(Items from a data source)
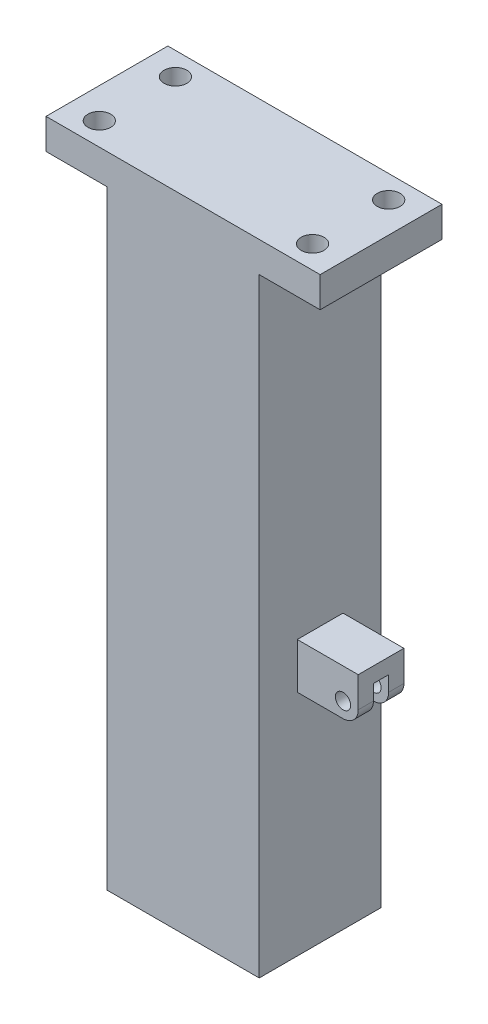
ISO-10303-21;
HEADER;
FILE_DESCRIPTION(('STEP AP214'),'2;1');
FILE_NAME('part.step','',(''),(''),'','','');
FILE_SCHEMA(('AUTOMOTIVE_DESIGN { 1 0 10303 214 1 1 1 1 }'));
ENDSEC;
DATA;
#1=APPLICATION_CONTEXT('core data for automotive mechanical design processes');
#2=APPLICATION_PROTOCOL_DEFINITION('international standard','automotive_design',2000,#1);
#3=PRODUCT_CONTEXT('',#1,'mechanical');
#4=PRODUCT('Part','Part','',(#3));
#5=PRODUCT_RELATED_PRODUCT_CATEGORY('part','',(#4));
#6=PRODUCT_DEFINITION_FORMATION('','',#4);
#7=PRODUCT_DEFINITION_CONTEXT('part definition',#1,'design');
#8=PRODUCT_DEFINITION('design','',#6,#7);
#9=PRODUCT_DEFINITION_SHAPE('','',#8);
#10=(LENGTH_UNIT() NAMED_UNIT(*) SI_UNIT(.MILLI.,.METRE.));
#11=(NAMED_UNIT(*) PLANE_ANGLE_UNIT() SI_UNIT($,.RADIAN.));
#12=(NAMED_UNIT(*) SI_UNIT($,.STERADIAN.) SOLID_ANGLE_UNIT());
#13=UNCERTAINTY_MEASURE_WITH_UNIT(LENGTH_MEASURE(1.E-05),#10,'distance_accuracy_value','');
#14=(GEOMETRIC_REPRESENTATION_CONTEXT(3) GLOBAL_UNCERTAINTY_ASSIGNED_CONTEXT((#13)) GLOBAL_UNIT_ASSIGNED_CONTEXT((#10,
#11,#12)) REPRESENTATION_CONTEXT('',''));
#15=CARTESIAN_POINT('',(0.,0.,0.));
#16=DIRECTION('',(0.,0.,1.));
#17=DIRECTION('',(1.,0.,0.));
#18=AXIS2_PLACEMENT_3D('',#15,#16,#17);
#19=CARTESIAN_POINT('',(-9.99999999999998,-240.,-55.));
#20=DIRECTION('',(0.,0.,1.));
#21=DIRECTION('',(1.,0.,0.));
#22=AXIS2_PLACEMENT_3D('',#19,#20,#21);
#23=CYLINDRICAL_SURFACE('',#22,5.);
#24=CARTESIAN_POINT('',(-9.99999999999998,-240.,-35.));
#25=DIRECTION('',(0.,0.,1.));
#26=DIRECTION('',(1.,0.,0.));
#27=AXIS2_PLACEMENT_3D('',#24,#25,#26);
#28=CIRCLE('',#27,5.);
#29=CARTESIAN_POINT('',(-4.99999999999998,-240.,-35.));
#30=VERTEX_POINT('',#29);
#31=EDGE_CURVE('E233',#30,#30,#28,.F.);
#32=ORIENTED_EDGE('',*,*,#31,.T.);
#33=EDGE_LOOP('',(#32));
#34=FACE_BOUND('',#33,.T.);
#35=CARTESIAN_POINT('',(-9.99999999999998,-240.,-25.));
#36=DIRECTION('',(0.,0.,1.));
#37=DIRECTION('',(1.,0.,0.));
#38=AXIS2_PLACEMENT_3D('',#35,#36,#37);
#39=CIRCLE('',#38,5.);
#40=CARTESIAN_POINT('',(-4.99999999999998,-240.,-25.));
#41=VERTEX_POINT('',#40);
#42=EDGE_CURVE('E229',#41,#41,#39,.T.);
#43=ORIENTED_EDGE('',*,*,#42,.T.);
#44=EDGE_LOOP('',(#43));
#45=FACE_BOUND('',#44,.T.);
#46=ADVANCED_FACE('F45',(#34,#45),#23,.F.);
#47=CARTESIAN_POINT('',(-40.,-400.,0.));
#48=DIRECTION('',(-1.,0.,0.));
#49=DIRECTION('',(0.,0.,1.));
#50=AXIS2_PLACEMENT_3D('',#47,#48,#49);
#51=PLANE('',#50);
#52=DIRECTION('',(0.,0.,1.));
#53=VECTOR('',#52,1.);
#54=CARTESIAN_POINT('',(-40.,0.,0.));
#55=LINE('',#54,#53);
#56=CARTESIAN_POINT('',(-40.,0.,-80.));
#57=VERTEX_POINT('',#56);
#58=CARTESIAN_POINT('',(-40.,0.,0.));
#59=VERTEX_POINT('',#58);
#60=EDGE_CURVE('E311',#57,#59,#55,.T.);
#61=ORIENTED_EDGE('',*,*,#60,.T.);
#62=DIRECTION('',(0.,1.,0.));
#63=VECTOR('',#62,1.);
#64=CARTESIAN_POINT('',(-40.,-400.,0.));
#65=LINE('',#64,#63);
#66=CARTESIAN_POINT('',(-40.,-400.,0.));
#67=VERTEX_POINT('',#66);
#68=EDGE_CURVE('E330',#67,#59,#65,.T.);
#69=ORIENTED_EDGE('',*,*,#68,.F.);
#70=DIRECTION('',(0.,0.,1.));
#71=VECTOR('',#70,1.);
#72=CARTESIAN_POINT('',(-40.,-400.,0.));
#73=LINE('',#72,#71);
#74=CARTESIAN_POINT('',(-40.,-400.,-80.));
#75=VERTEX_POINT('',#74);
#76=EDGE_CURVE('E314',#75,#67,#73,.T.);
#77=ORIENTED_EDGE('',*,*,#76,.F.);
#78=DIRECTION('',(0.,1.,0.));
#79=VECTOR('',#78,1.);
#80=CARTESIAN_POINT('',(-40.,-400.,-80.));
#81=LINE('',#80,#79);
#82=EDGE_CURVE('E334',#75,#57,#81,.T.);
#83=ORIENTED_EDGE('',*,*,#82,.T.);
#84=EDGE_LOOP('',(#61,#69,#77,#83));
#85=FACE_BOUND('',#84,.T.);
#86=DIRECTION('',(0.,-1.,0.));
#87=VECTOR('',#86,1.);
#88=CARTESIAN_POINT('',(-40.,-220.,-25.));
#89=LINE('',#88,#87);
#90=CARTESIAN_POINT('',(-40.,-220.,-25.));
#91=VERTEX_POINT('',#90);
#92=CARTESIAN_POINT('',(-40.,-250.,-25.));
#93=VERTEX_POINT('',#92);
#94=EDGE_CURVE('E228',#91,#93,#89,.T.);
#95=ORIENTED_EDGE('',*,*,#94,.F.);
#96=DIRECTION('',(0.,0.,1.));
#97=VECTOR('',#96,1.);
#98=CARTESIAN_POINT('',(-40.,-220.,-25.));
#99=LINE('',#98,#97);
#100=CARTESIAN_POINT('',(-40.,-220.,-55.));
#101=VERTEX_POINT('',#100);
#102=EDGE_CURVE('E239',#101,#91,#99,.T.);
#103=ORIENTED_EDGE('',*,*,#102,.F.);
#104=DIRECTION('',(0.,1.,0.));
#105=VECTOR('',#104,1.);
#106=CARTESIAN_POINT('',(-40.,-220.,-55.));
#107=LINE('',#106,#105);
#108=CARTESIAN_POINT('',(-40.,-250.,-55.));
#109=VERTEX_POINT('',#108);
#110=EDGE_CURVE('E253',#109,#101,#107,.T.);
#111=ORIENTED_EDGE('',*,*,#110,.F.);
#112=DIRECTION('',(0.,0.,-1.));
#113=VECTOR('',#112,1.);
#114=CARTESIAN_POINT('',(-40.,-250.,-25.));
#115=LINE('',#114,#113);
#116=EDGE_CURVE('E249',#93,#109,#115,.T.);
#117=ORIENTED_EDGE('',*,*,#116,.F.);
#118=EDGE_LOOP('',(#95,#103,#111,#117));
#119=FACE_BOUND('',#118,.T.);
#120=ADVANCED_FACE('F485',(#85,#119),#51,.F.);
#121=CARTESIAN_POINT('',(0.,0.,0.));
#122=DIRECTION('',(0.,1.,0.));
#123=DIRECTION('',(0.,0.,1.));
#124=AXIS2_PLACEMENT_3D('',#121,#122,#123);
#125=PLANE('',#124);
#126=CARTESIAN_POINT('',(-160.,0.,-65.));
#127=DIRECTION('',(0.,1.,0.));
#128=DIRECTION('',(0.,0.,1.));
#129=AXIS2_PLACEMENT_3D('',#126,#127,#128);
#130=CIRCLE('',#129,7.50000000000001);
#131=CARTESIAN_POINT('',(-160.,0.,-57.5));
#132=VERTEX_POINT('',#131);
#133=EDGE_CURVE('E367',#132,#132,#130,.T.);
#134=ORIENTED_EDGE('',*,*,#133,.T.);
#135=EDGE_LOOP('',(#134));
#136=FACE_BOUND('',#135,.T.);
#137=CARTESIAN_POINT('',(-160.,0.,-15.));
#138=DIRECTION('',(0.,1.,0.));
#139=DIRECTION('',(0.,0.,1.));
#140=AXIS2_PLACEMENT_3D('',#137,#138,#139);
#141=CIRCLE('',#140,7.50000000000001);
#142=CARTESIAN_POINT('',(-160.,0.,-7.49999999999997));
#143=VERTEX_POINT('',#142);
#144=EDGE_CURVE('E356',#143,#143,#141,.T.);
#145=ORIENTED_EDGE('',*,*,#144,.T.);
#146=EDGE_LOOP('',(#145));
#147=FACE_BOUND('',#146,.T.);
#148=DIRECTION('',(0.,0.,-1.));
#149=VECTOR('',#148,1.);
#150=CARTESIAN_POINT('',(-140.,0.,0.));
#151=LINE('',#150,#149);
#152=CARTESIAN_POINT('',(-140.,0.,0.));
#153=VERTEX_POINT('',#152);
#154=CARTESIAN_POINT('',(-140.,0.,-80.));
#155=VERTEX_POINT('',#154);
#156=EDGE_CURVE('E302',#153,#155,#151,.T.);
#157=ORIENTED_EDGE('',*,*,#156,.F.);
#158=DIRECTION('',(1.,0.,0.));
#159=VECTOR('',#158,1.);
#160=CARTESIAN_POINT('',(0.,0.,0.));
#161=LINE('',#160,#159);
#162=CARTESIAN_POINT('',(-180.,0.,0.));
#163=VERTEX_POINT('',#162);
#164=EDGE_CURVE('E380',#163,#153,#161,.T.);
#165=ORIENTED_EDGE('',*,*,#164,.F.);
#166=DIRECTION('',(0.,0.,1.));
#167=VECTOR('',#166,1.);
#168=CARTESIAN_POINT('',(-180.,0.,0.));
#169=LINE('',#168,#167);
#170=CARTESIAN_POINT('',(-180.,0.,-80.));
#171=VERTEX_POINT('',#170);
#172=EDGE_CURVE('E398',#171,#163,#169,.T.);
#173=ORIENTED_EDGE('',*,*,#172,.F.);
#174=DIRECTION('',(-1.,0.,0.));
#175=VECTOR('',#174,1.);
#176=CARTESIAN_POINT('',(0.,0.,-80.));
#177=LINE('',#176,#175);
#178=EDGE_CURVE('E393',#155,#171,#177,.T.);
#179=ORIENTED_EDGE('',*,*,#178,.F.);
#180=EDGE_LOOP('',(#157,#165,#173,#179));
#181=FACE_BOUND('',#180,.T.);
#182=ADVANCED_FACE('F469',(#136,#147,#181),#125,.F.);
#183=CARTESIAN_POINT('',(-20.,0.,-15.));
#184=DIRECTION('',(0.,1.,0.));
#185=DIRECTION('',(0.,0.,1.));
#186=AXIS2_PLACEMENT_3D('',#183,#184,#185);
#187=CIRCLE('',#186,7.5);
#188=CARTESIAN_POINT('',(-20.,0.,-7.49999999999999));
#189=VERTEX_POINT('',#188);
#190=EDGE_CURVE('E342',#189,#189,#187,.T.);
#191=ORIENTED_EDGE('',*,*,#190,.T.);
#192=EDGE_LOOP('',(#191));
#193=FACE_BOUND('',#192,.T.);
#194=CARTESIAN_POINT('',(-20.,0.,-65.));
#195=DIRECTION('',(0.,1.,0.));
#196=DIRECTION('',(0.,0.,1.));
#197=AXIS2_PLACEMENT_3D('',#194,#195,#196);
#198=CIRCLE('',#197,7.5);
#199=CARTESIAN_POINT('',(-20.,0.,-57.5));
#200=VERTEX_POINT('',#199);
#201=EDGE_CURVE('E347',#200,#200,#198,.T.);
#202=ORIENTED_EDGE('',*,*,#201,.T.);
#203=EDGE_LOOP('',(#202));
#204=FACE_BOUND('',#203,.T.);
#205=ORIENTED_EDGE('',*,*,#60,.F.);
#206=CARTESIAN_POINT('',(0.,0.,-80.));
#207=VERTEX_POINT('',#206);
#208=EDGE_CURVE('E394',#207,#57,#177,.T.);
#209=ORIENTED_EDGE('',*,*,#208,.F.);
#210=DIRECTION('',(0.,0.,-1.));
#211=VECTOR('',#210,1.);
#212=CARTESIAN_POINT('',(0.,0.,0.));
#213=LINE('',#212,#211);
#214=CARTESIAN_POINT('',(0.,0.,0.));
#215=VERTEX_POINT('',#214);
#216=EDGE_CURVE('E371',#215,#207,#213,.T.);
#217=ORIENTED_EDGE('',*,*,#216,.F.);
#218=EDGE_CURVE('E401',#59,#215,#161,.T.);
#219=ORIENTED_EDGE('',*,*,#218,.F.);
#220=EDGE_LOOP('',(#205,#209,#217,#219));
#221=FACE_BOUND('',#220,.T.);
#222=ADVANCED_FACE('F488',(#193,#204,#221),#125,.F.);
#223=CARTESIAN_POINT('',(0.,20.,0.));
#224=DIRECTION('',(-1.,0.,0.));
#225=DIRECTION('',(0.,0.,1.));
#226=AXIS2_PLACEMENT_3D('',#223,#224,#225);
#227=PLANE('',#226);
#228=ORIENTED_EDGE('',*,*,#216,.T.);
#229=DIRECTION('',(0.,-1.,0.));
#230=VECTOR('',#229,1.);
#231=CARTESIAN_POINT('',(0.,20.,-80.));
#232=LINE('',#231,#230);
#233=CARTESIAN_POINT('',(0.,20.,-80.));
#234=VERTEX_POINT('',#233);
#235=EDGE_CURVE('E416',#234,#207,#232,.T.);
#236=ORIENTED_EDGE('',*,*,#235,.F.);
#237=DIRECTION('',(0.,0.,-1.));
#238=VECTOR('',#237,1.);
#239=CARTESIAN_POINT('',(0.,20.,0.));
#240=LINE('',#239,#238);
#241=CARTESIAN_POINT('',(0.,20.,0.));
#242=VERTEX_POINT('',#241);
#243=EDGE_CURVE('E375',#242,#234,#240,.T.);
#244=ORIENTED_EDGE('',*,*,#243,.F.);
#245=DIRECTION('',(0.,-1.,0.));
#246=VECTOR('',#245,1.);
#247=CARTESIAN_POINT('',(0.,20.,0.));
#248=LINE('',#247,#246);
#249=EDGE_CURVE('E389',#242,#215,#248,.T.);
#250=ORIENTED_EDGE('',*,*,#249,.T.);
#251=EDGE_LOOP('',(#228,#236,#244,#250));
#252=FACE_BOUND('',#251,.T.);
#253=ADVANCED_FACE('F493',(#252),#227,.F.);
#254=CARTESIAN_POINT('',(0.,20.,-80.));
#255=DIRECTION('',(0.,0.,1.));
#256=DIRECTION('',(1.,0.,0.));
#257=AXIS2_PLACEMENT_3D('',#254,#255,#256);
#258=PLANE('',#257);
#259=ORIENTED_EDGE('',*,*,#208,.T.);
#260=ORIENTED_EDGE('',*,*,#82,.F.);
#261=DIRECTION('',(1.,0.,0.));
#262=VECTOR('',#261,1.);
#263=CARTESIAN_POINT('',(-140.,-400.,-80.));
#264=LINE('',#263,#262);
#265=CARTESIAN_POINT('',(-140.,-400.,-80.));
#266=VERTEX_POINT('',#265);
#267=EDGE_CURVE('E310',#266,#75,#264,.T.);
#268=ORIENTED_EDGE('',*,*,#267,.F.);
#269=DIRECTION('',(0.,1.,0.));
#270=VECTOR('',#269,1.);
#271=CARTESIAN_POINT('',(-140.,-400.,-80.));
#272=LINE('',#271,#270);
#273=EDGE_CURVE('E338',#266,#155,#272,.T.);
#274=ORIENTED_EDGE('',*,*,#273,.T.);
#275=ORIENTED_EDGE('',*,*,#178,.T.);
#276=DIRECTION('',(0.,-1.,0.));
#277=VECTOR('',#276,1.);
#278=CARTESIAN_POINT('',(-180.,20.,-80.));
#279=LINE('',#278,#277);
#280=CARTESIAN_POINT('',(-180.,20.,-80.));
#281=VERTEX_POINT('',#280);
#282=EDGE_CURVE('E412',#281,#171,#279,.T.);
#283=ORIENTED_EDGE('',*,*,#282,.F.);
#284=DIRECTION('',(-1.,0.,0.));
#285=VECTOR('',#284,1.);
#286=CARTESIAN_POINT('',(0.,20.,-80.));
#287=LINE('',#286,#285);
#288=EDGE_CURVE('E379',#234,#281,#287,.T.);
#289=ORIENTED_EDGE('',*,*,#288,.F.);
#290=ORIENTED_EDGE('',*,*,#235,.T.);
#291=EDGE_LOOP('',(#259,#260,#268,#274,#275,#283,#289,#290));
#292=FACE_BOUND('',#291,.T.);
#293=ADVANCED_FACE('F460',(#292),#258,.F.);
#294=CARTESIAN_POINT('',(-180.,20.,0.));
#295=DIRECTION('',(1.,0.,0.));
#296=DIRECTION('',(0.,0.,-1.));
#297=AXIS2_PLACEMENT_3D('',#294,#295,#296);
#298=PLANE('',#297);
#299=ORIENTED_EDGE('',*,*,#172,.T.);
#300=DIRECTION('',(0.,-1.,0.));
#301=VECTOR('',#300,1.);
#302=CARTESIAN_POINT('',(-180.,20.,0.));
#303=LINE('',#302,#301);
#304=CARTESIAN_POINT('',(-180.,20.,0.));
#305=VERTEX_POINT('',#304);
#306=EDGE_CURVE('E408',#305,#163,#303,.T.);
#307=ORIENTED_EDGE('',*,*,#306,.F.);
#308=DIRECTION('',(0.,0.,1.));
#309=VECTOR('',#308,1.);
#310=CARTESIAN_POINT('',(-180.,20.,0.));
#311=LINE('',#310,#309);
#312=EDGE_CURVE('E383',#281,#305,#311,.T.);
#313=ORIENTED_EDGE('',*,*,#312,.F.);
#314=ORIENTED_EDGE('',*,*,#282,.T.);
#315=EDGE_LOOP('',(#299,#307,#313,#314));
#316=FACE_BOUND('',#315,.T.);
#317=ADVANCED_FACE('F466',(#316),#298,.F.);
#318=CARTESIAN_POINT('',(0.,20.,0.));
#319=DIRECTION('',(0.,0.,-1.));
#320=DIRECTION('',(-1.,0.,0.));
#321=AXIS2_PLACEMENT_3D('',#318,#319,#320);
#322=PLANE('',#321);
#323=ORIENTED_EDGE('',*,*,#164,.T.);
#324=DIRECTION('',(0.,1.,0.));
#325=VECTOR('',#324,1.);
#326=CARTESIAN_POINT('',(-140.,-400.,0.));
#327=LINE('',#326,#325);
#328=CARTESIAN_POINT('',(-140.,-400.,0.));
#329=VERTEX_POINT('',#328);
#330=EDGE_CURVE('E320',#329,#153,#327,.T.);
#331=ORIENTED_EDGE('',*,*,#330,.F.);
#332=DIRECTION('',(-1.,0.,0.));
#333=VECTOR('',#332,1.);
#334=CARTESIAN_POINT('',(-140.,-400.,0.));
#335=LINE('',#334,#333);
#336=EDGE_CURVE('E317',#67,#329,#335,.T.);
#337=ORIENTED_EDGE('',*,*,#336,.F.);
#338=ORIENTED_EDGE('',*,*,#68,.T.);
#339=ORIENTED_EDGE('',*,*,#218,.T.);
#340=ORIENTED_EDGE('',*,*,#249,.F.);
#341=DIRECTION('',(1.,0.,0.));
#342=VECTOR('',#341,1.);
#343=CARTESIAN_POINT('',(0.,20.,0.));
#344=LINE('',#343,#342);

Instructions for the task:
Look back at the entries above and repeat, unchanged, every line from the line holding "0 10303 214" through the line holding "#12=(NAMED_UNIT(*) SI_UNIT($,.STERADIAN.) SOLID_ANGLE_UNIT());".

Reply to the exercise:
FILE_SCHEMA(('AUTOMOTIVE_DESIGN { 1 0 10303 214 1 1 1 1 }'));
ENDSEC;
DATA;
#1=APPLICATION_CONTEXT('core data for automotive mechanical design processes');
#2=APPLICATION_PROTOCOL_DEFINITION('international standard','automotive_design',2000,#1);
#3=PRODUCT_CONTEXT('',#1,'mechanical');
#4=PRODUCT('Part','Part','',(#3));
#5=PRODUCT_RELATED_PRODUCT_CATEGORY('part','',(#4));
#6=PRODUCT_DEFINITION_FORMATION('','',#4);
#7=PRODUCT_DEFINITION_CONTEXT('part definition',#1,'design');
#8=PRODUCT_DEFINITION('design','',#6,#7);
#9=PRODUCT_DEFINITION_SHAPE('','',#8);
#10=(LENGTH_UNIT() NAMED_UNIT(*) SI_UNIT(.MILLI.,.METRE.));
#11=(NAMED_UNIT(*) PLANE_ANGLE_UNIT() SI_UNIT($,.RADIAN.));
#12=(NAMED_UNIT(*) SI_UNIT($,.STERADIAN.) SOLID_ANGLE_UNIT());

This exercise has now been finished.